Yiyecek yardımına erişen birçok insan deneyimleri hakkında açıkça konuşmak konusunda ciddi bir isteksizlik var. İnsanlar derin bir utanç duyar. Ön saflardaki çalışanlar ve savunucular sürekli olarak, biri acil yardım merkezine geldiğinde, zaten dibe vurmuş olduklarını söylüyorlar.
Mission House’a düzenli olarak gelen bir adam neden orada olduğu konusunda açık sözlü: “Emeklilik yeterli değil” diyor.
Kevin 70 yaşında, ancak engelli olduktan sonra emeklilik yaşından yaklaşık yirmi yıl önce inşaattaki işini bırakmak zorunda kaldı.

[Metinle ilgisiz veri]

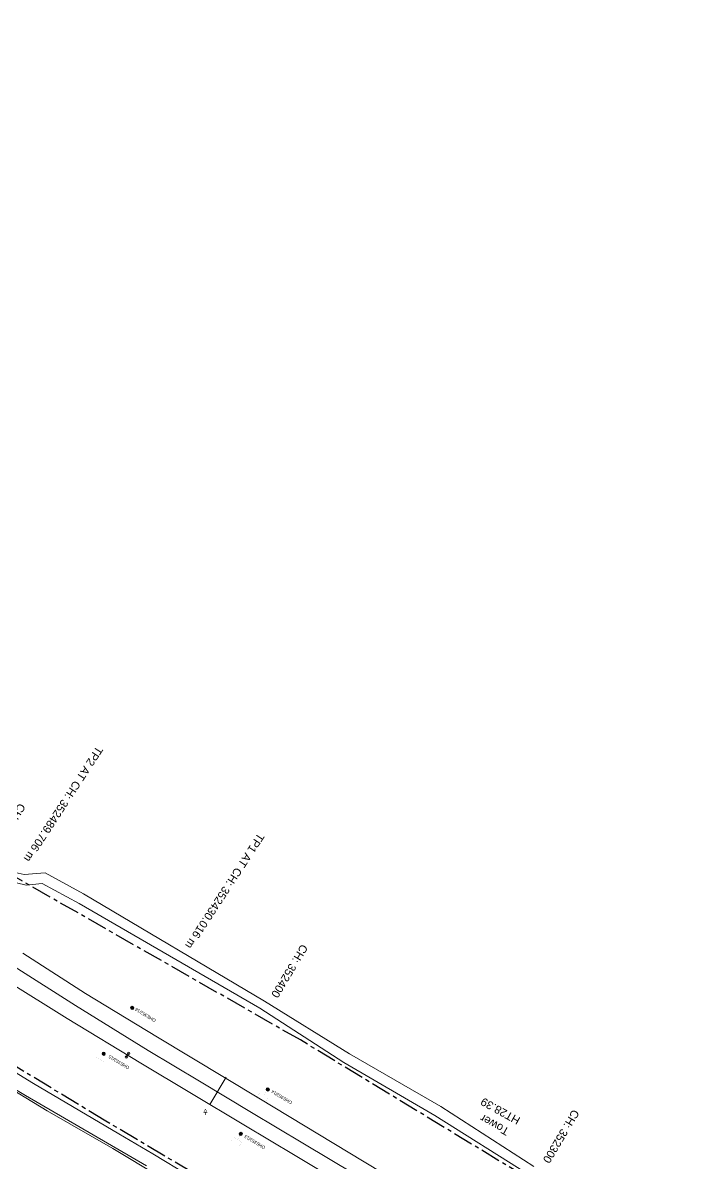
# Model space of a CAD drawing. Header units: feet. Extents: x 593168 to 611286, y 3401475 to 3412398.
# Drawn here: x 600564.8 to 600774.3, y 3407869.6 to 3408225.7 of the extents above; entities that cross this region are included whole.
import ezdxf

# ---------------------------------------------------------------- set-up
doc = ezdxf.new("R2010")
doc.units = ezdxf.units.FT
doc.header["$MEASUREMENT"] = 0
doc.linetypes.add('CENTER', pattern=[2, 1.25, -0.25, 0.25, -0.25])
for name, color, linetype, lineweight in [("EXG. TP CH's", 7, 'Continuous', 0), ('Existing IR Chainage', 7, 'Continuous', 0), ('Existing IR Track', 143, 'Continuous', 0), ('Fence', 251, 'F-LINE', 0), ('OHE MAST', 8, 'Continuous', 0), ('OHE MAST TEXT', 8, 'Continuous', 0), ('SH.NOS', 251, 'Continuous', 0), ('Sign Board', 251, 'Continuous', 0), ('Subroad Edge', 34, 'Continuous', 0), ('Text1', 251, 'Continuous', 0)]:
    doc.layers.add(name, color=color, linetype=linetype, lineweight=lineweight)
doc.layers.add('Existing Railway Boundary', color=7, linetype='CENTER')
doc.styles.add('CUT-FILL', font='cut-fill.shx', dxfattribs={"height": 2})
doc.styles.get("Standard").update_dxf_attribs({"font": 'arial.ttf'})
doc.styles.add('Style-Arial', font='arial.ttf')
doc.linetypes.add('F-LINE', pattern='A,0.6,["X",Standard,S=0.3,R=0,X=0,Y=-0.15],0.1', length=0.7)

# ---------------------------------------------------------------- blocks, each defined once
blk = doc.blocks.new('TSB100')
at = {"layer": 'SH.NOS', "const_width": 0.132}
blk.add_lwpolyline([(-0.51, 0.84), (0.54, 0.84), (0, 1.85)], close=True, dxfattribs=at)
at = {"layer": 'SH.NOS', "const_width": 0.142}
blk.add_lwpolyline([(0, 0.84), (0, 0)], dxfattribs=at)
at = {"layer": 'SH.NOS', "style": 'CUT-FILL'}
blk.add_text('100', height=0.2, dxfattribs=at).set_placement((-0.23, 1.03))
blk = doc.blocks.new('OHE MAST')
h = blk.add_hatch(color=256)
h.dxf.hatch_style = 1
edge = h.paths.add_edge_path()
edge.add_arc((0, 0), 0.514, 0, 360)
at = {"const_width": 0.01}
for points in [[(1.5, 3.5), (1.5, 2), (-1.5, 2), (-1.5, 3.5)], [(0, 2), (0, 0)]]:
    blk.add_lwpolyline(points, dxfattribs=at)
blk.add_circle((0, 0), 0.514)

msp = doc.modelspace()

# ---------------------------------------------------------------- linework, layer by layer
at = {"layer": "EXG. TP CH's", "color": 7, "lineweight": 0, "flags": 128}
msp.add_lwpolyline([(600597.1271, 3407902.7221), (600597.8681, 3407903.9153)], dxfattribs=at)
at = {"layer": "EXG. TP CH's", "color": 7, "lineweight": 0}
for centre in [(600597.1271, 3407902.7221), (600597.8681, 3407903.9153)]:
    msp.add_circle(centre, 0.375, dxfattribs=at)
at = {"layer": 'Existing IR Chainage', "color": 7, "linetype": 'Continuous', "lineweight": 13, "flags": 128}
msp.add_lwpolyline([(600628.4051, 3407896.5085), (600623.2686, 3407887.9285)], dxfattribs=at)
at = {"layer": 'Existing IR Track', "flags": 128}
for points in [[(600705.6264, 3407849.4257), (600671.4491, 3407870.0453), (600638.552, 3407889.8818), (600606.873, 3407908.9974), (600584.4159, 3407922.6305), (600564.8022, 3407935.1631)], [(600668.8751, 3407865.9834), (600652.2966, 3407875.86), (600636.2635, 3407885.4118), (600620.0116, 3407895.1816), (600603.9837, 3407904.817), (600581.2873, 3407918.8515), (600562.1568, 3407931.0482)], [(600666.4011, 3407862.1409), (600649.8694, 3407872.0205), (600633.8789, 3407881.5767), (600617.5782, 3407891.3351), (600601.6492, 3407900.871), (600578.7283, 3407914.8208), (600559.8756, 3407926.5043)]]:
    msp.add_lwpolyline(points, dxfattribs=at)
at = {"layer": 'Existing Railway Boundary', "ltscale": 5}
for points in [[(601317.2433, 3407450.7097), (601224.899, 3407507.0908), (601103.8361, 3407576.9037), (601076.3041, 3407593.1922), (601027.0445, 3407622.1279), (600800.8989, 3407757.7565), (600729.53, 3407800.2216), (600590.7896, 3407882.7312), (600531.0891, 3407918.878), (600526.2178, 3407921.6024), (600502.3694, 3407935.4788), (600422.2553, 3407983.1065), (600376.8527, 3408011.2163), (600345.4847, 3408028.7629), (600315.7213, 3408046.6622), (600129.9447, 3408159.317), (599995.7813, 3408208.5798), (599954.336, 3408225.7264), (599945.3157, 3408214.7803), (599936.2222, 3408204.7154)], [(602240.837, 3406937.0674), (602116.2948, 3407010.7668), (601764.5806, 3407219.7883), (601759.3642, 3407222.2685), (601653.1238, 3407292.2946), (601441.2096, 3407415.0505), (601397.917, 3407440.7299), (601301.0475, 3407498.7265), (601241.8375, 3407534.2132), (601188.4611, 3407565.6026), (601139.5754, 3407594.3481), (601094.5264, 3407622.448), (600939.9459, 3407716.091), (600853.7892, 3407766.6119), (600798.1443, 3407818.9628), (600756.3389, 3407844.4101), (600651.5465, 3407908.0731), (600401.2293, 3408050.9686)]]:
    msp.add_lwpolyline(points, dxfattribs=at)
at = {"layer": 'Fence'}
msp.add_lwpolyline([(600744.131, 3407784.494), (600708.9321, 3407805.2243), (600675.3063, 3407825.3436), (600637.1202, 3407847.6194), (600592.9604, 3407874.1774), (600572.393, 3407885.9944), (600509.4416, 3407924.2791), (600487.7753, 3407937.0803), (600465.4538, 3407949.9255), (600444.2684, 3407962.6281), (600429.2318, 3407971.786), (600405.4027, 3407985.9302), (600381.3379, 3407999.2411)], dxfattribs=at)
at = {"layer": 'Subroad Edge'}
for points in [[(600603.492, 3407868.7656, 258.0835), (600565.6214, 3407890.6802, 258.0845), (600532.7257, 3407910.4057, 258.0955), (600488.0185, 3407937.4354, 258.0575), (600445.2705, 3407963.0509, 258.1085), (600429.7554, 3407972.5738, 258.1305), (600382.2869, 3408001.0583, 258.2724), (600379.9792, 3408003.1788, 258.3214), (600376.839, 3408005.1285, 258.4254), (600368.1322, 3408010.1907, 258.6703), (600367.1834, 3408010.3897, 258.7263), (600364.5416, 3408012.3183, 258.7963), (600351.0258, 3408020.4237, 258.8263), (600342.985, 3408025.5583, 258.5763), (600305.3909, 3408048.1333, 258.1155), (600283.6828, 3408061.3142, 258.0565), (600228.2712, 3408095.2583, 258.1585), (600206.7717, 3408108.4121, 258.0635), (600156.8294, 3408136.471, 258.2984), (600132.8452, 3408149.871, 258.4484), (600096.3159, 3408166.3305, 258.5343), (600086.6197, 3408170.2176, 258.5843), (600083.6553, 3408174.315, 258.6743)], [(600724.4816, 3407868.5348, 258.0595), (600695.4321, 3407887.3, 258.0425), (600666.9406, 3407903.7812, 257.9925), (600640.3407, 3407920.1649, 257.8785), (600583.7849, 3407953.7552, 257.8156), (600571.7811, 3407960.2856, 258.0345), (600565.2274, 3407959.7897, 258.0885), (600556.7037, 3407961.5816, 257.9995), (600549.459, 3407965.4205, 258.0335), (600534.1874, 3407974.8464, 257.9865), (600512.1744, 3407988.3924, 257.3217), (600485.5193, 3408005.3692, 258.0315), (600460.2286, 3408020.875, 258.0945), (600435.457, 3408036.3322, 258.1095), (600397.2895, 3408059.5736, 258.5313), (600388.4166, 3408064.3593, 258.8682), (600380.2747, 3408069.9629, 258.7023), (600367.8768, 3408077.3617, 258.5363), (600362.4435, 3408081.1515, 258.5473), (600370.165, 3408109.6531, 258.3404), (600372.0775, 3408130.8266, 258.3291)], [(600723.0046, 3407865.9471, 258.1355), (600693.5352, 3407884.4499, 258.0555), (600665.178, 3407901.085, 257.9255), (600638.9039, 3407917.9623, 257.8795), (600582.4041, 3407950.6437, 257.8935), (600570.9084, 3407956.9251, 257.9255), (600565.8913, 3407956.3686, 258.0435), (600554.8918, 3407958.9694, 258.0055), (600548.5231, 3407963.9741, 257.9325), (600509.9579, 3407986.1072, 257.9885), (600483.6486, 3408002.7576, 258.0325), (600458.7377, 3408018.3054, 258.0435), (600434.2142, 3408033.4671, 258.0275), (600395.9568, 3408057.0557, 258.5233), (600391.4616, 3408057.9973, 258.7543), (600387.7212, 3408057.7802, 259.0212), (600384.5409, 3408057.1799, 259.1752), (600382.9836, 3408055.1208, 259.3151)], [(600364.2099, 3408019.3109, 259.0302), (600365.2057, 3408016.6339, 258.9212), (600367.9563, 3408014.5102, 258.7963), (600384.5207, 3408004.3981, 258.3054), (600432.4556, 3407975.9142, 258.1555), (600468.5001, 3407954.3782, 258.0385), (600490.4942, 3407941.5282, 258.0315), (600511.7307, 3407928.8501, 257.9865), (600535.3557, 3407914.6012, 258.0545), (600568.19, 3407894.4473, 258.0475), (600594.8102, 3407878.7272, 258.0795), (600605.4856, 3407872.476, 257.9815), (600639.5062, 3407851.9306, 258.0725)]]:
    msp.add_polyline3d(points, dxfattribs=at)

# ---------------------------------------------------------------- block references
at = {"layer": 'OHE MAST', "rotation": 149.0208306544456}
for p in [(600599.0324, 3407918.0969), (600590.0887, 3407903.7502), (600641.3413, 3407892.6401), (600632.9053, 3407878.7213)]:
    msp.add_blockref('OHE MAST', p, dxfattribs=at)
at = {"layer": 'Sign Board', "xscale": 0.9997078269552191, "yscale": 0.9997078269552191, "zscale": 0.9997078269552191}
msp.add_blockref('TSB100', (600621.8655, 3407884.6422, 262.2013), dxfattribs=at)

# ---------------------------------------------------------------- texts
at = {"layer": "EXG. TP CH's", "color": 7, "lineweight": 0, "char_height": 2.5, "attachment_point": 6, "rotation": 237, "line_spacing_factor": 0.60024, "style": 'Style-Arial'}
for s, insert in [('TP2 AT CH: 352489.706 m', (600566.0146, 3407964.0544)), ('TP1 AT CH: 352430.016 m', (600616.4487, 3407936.9286))]:
    msp.add_mtext(s, dxfattribs=dict(at, insert=insert))
at = {"layer": 'Existing IR Chainage', "color": 7, "lineweight": 0, "char_height": 2.5, "attachment_point": 6, "line_spacing_factor": 0.60036, "style": 'Style-Arial'}
for s, insert, rotation in [('CH: 352500', (600555.2128, 3407965.5576), 239.318651), ('CH: 352400', (600643.3828, 3407921.5815), 239.093242), ('CH: 352300', (600728.2555, 3407869.933), 239.322667)]:
    msp.add_mtext(s, dxfattribs=dict(at, insert=insert, rotation=rotation))
at = {"layer": 'OHE MAST TEXT'}
for s, p in [('OHE352/16', (600606.5237, 3407914.4249, 262.916)), ('OHE352/15', (600598.2317, 3407899.6765, 261.818)), ('OHE352/14', (600649.1095, 3407888.7806, 262.819)), ('OHE352/13', (600640.7082, 3407874.7475, 262.284))]:
    msp.add_text(s, height=1, rotation=149, dxfattribs=at).set_placement(p)
at = {"layer": 'Text1'}
for s, p in [('HT28.39', (600720.4953, 3407883.7044, 101.3708)), ('Tower', (600717.0798, 3407880.2817, 156.3202))]:
    msp.add_text(s, height=2.5, rotation=151.044359, dxfattribs=at).set_placement(p)

doc.saveas('drawing.dxf')

Emeklilere nasıl davranıldığına dair fikri sorulduğunda, “Sen sadece bir kağıt parçasının üzerinde kırmızı bir çizgi çekilmesini bekleyen bir sayısın” diyor. Geçimini sağlamaya yetecek kadar parasız kalırsa neden vergilerini ödediğini anlamıyor.
Sidney, Marrickville’deki Addison Road Toplum Örgütü’nün CEO’su Rosanna Barbero, gıda yardımı hizmetlerinin gerekliliğinin, hükümetin sorumluluklarını hayır kurumlarına devretmesinin bir belirtisi olduğunu söylüyor. Arco, 43 yıldır bölgede bağımsız olarak gıda yardımı da dahil olmak üzere hizmet veriyor.
Endişelenmemiz gerekiyor, insanlara yiyecek sağladığımızı kutlamamalıyız.”
Yoksullukla Mücadele Merkezi’nden Kristen O’Connell de benzer şekilde açık sözlü: “Gıda bankaları olmamalı, çünkü insanların ihtiyaçlarını karşılamak hükümetin sorumluluğu ve bizim de ihtiyaçlarımızın karşılanmasını istemeye hakkımız var” diyor.
“Yemek yiyemeyen insanlara çok basit bir çözüm var ve bu da insanlara para kazandırmak. Hükümet geçen yıl bunu bir gecede yapabileceğini gösterdi ve şimdi yapmamak için siyasi bir seçim yapıyorlar.”
Sam Horsburgh, Mission House’da her şeyin yolunda gitmesini sağlayan masanın arkasındaki adamdır. Anglicare Victoria’nın mevcut verilerinin analizi, 2016’dan beri her yıl acil yardım hizmetlerine erişmesi gereken kişilerin %56 ila %72’sinin Centrelink ödemeleri aldığını gösteriyor.
Horsburgh ayrıca, pandeminin ilk yılında, iş arayanların ödemelerinin iki katına çıktığı, Mission House’daki düzenli müşterilerin gelmeyi bıraktığını söyledi. Her zamankinden daha fazla insan yiyecek yardımı aramaya başladı, ancak bunu yıllardır zor yapanların birdenbire geçinecek kadar çok şeyi oldu.
Covid ayrıca, Mission House’un yardım ettiği insanlara yaklaşımını yeniden düşünmeye zorladı.
“İnsanların resmin tamamına bakmadan hizmetlerimize fazla güvenmelerini istemediğimiz için ‘hak sahibi yoksullar’ hakkında düşünürdük; hayatlarında yeterli para yoktur. Tam tersi değil,” diyor Horsburgh.
“Denklemin aslında gerçekten basit olduğunu fark ettik: Centrelink’teyseniz, muhtemelen çok fazla paranız yok” diyor. “Ve bu uzun zamandır böyle.”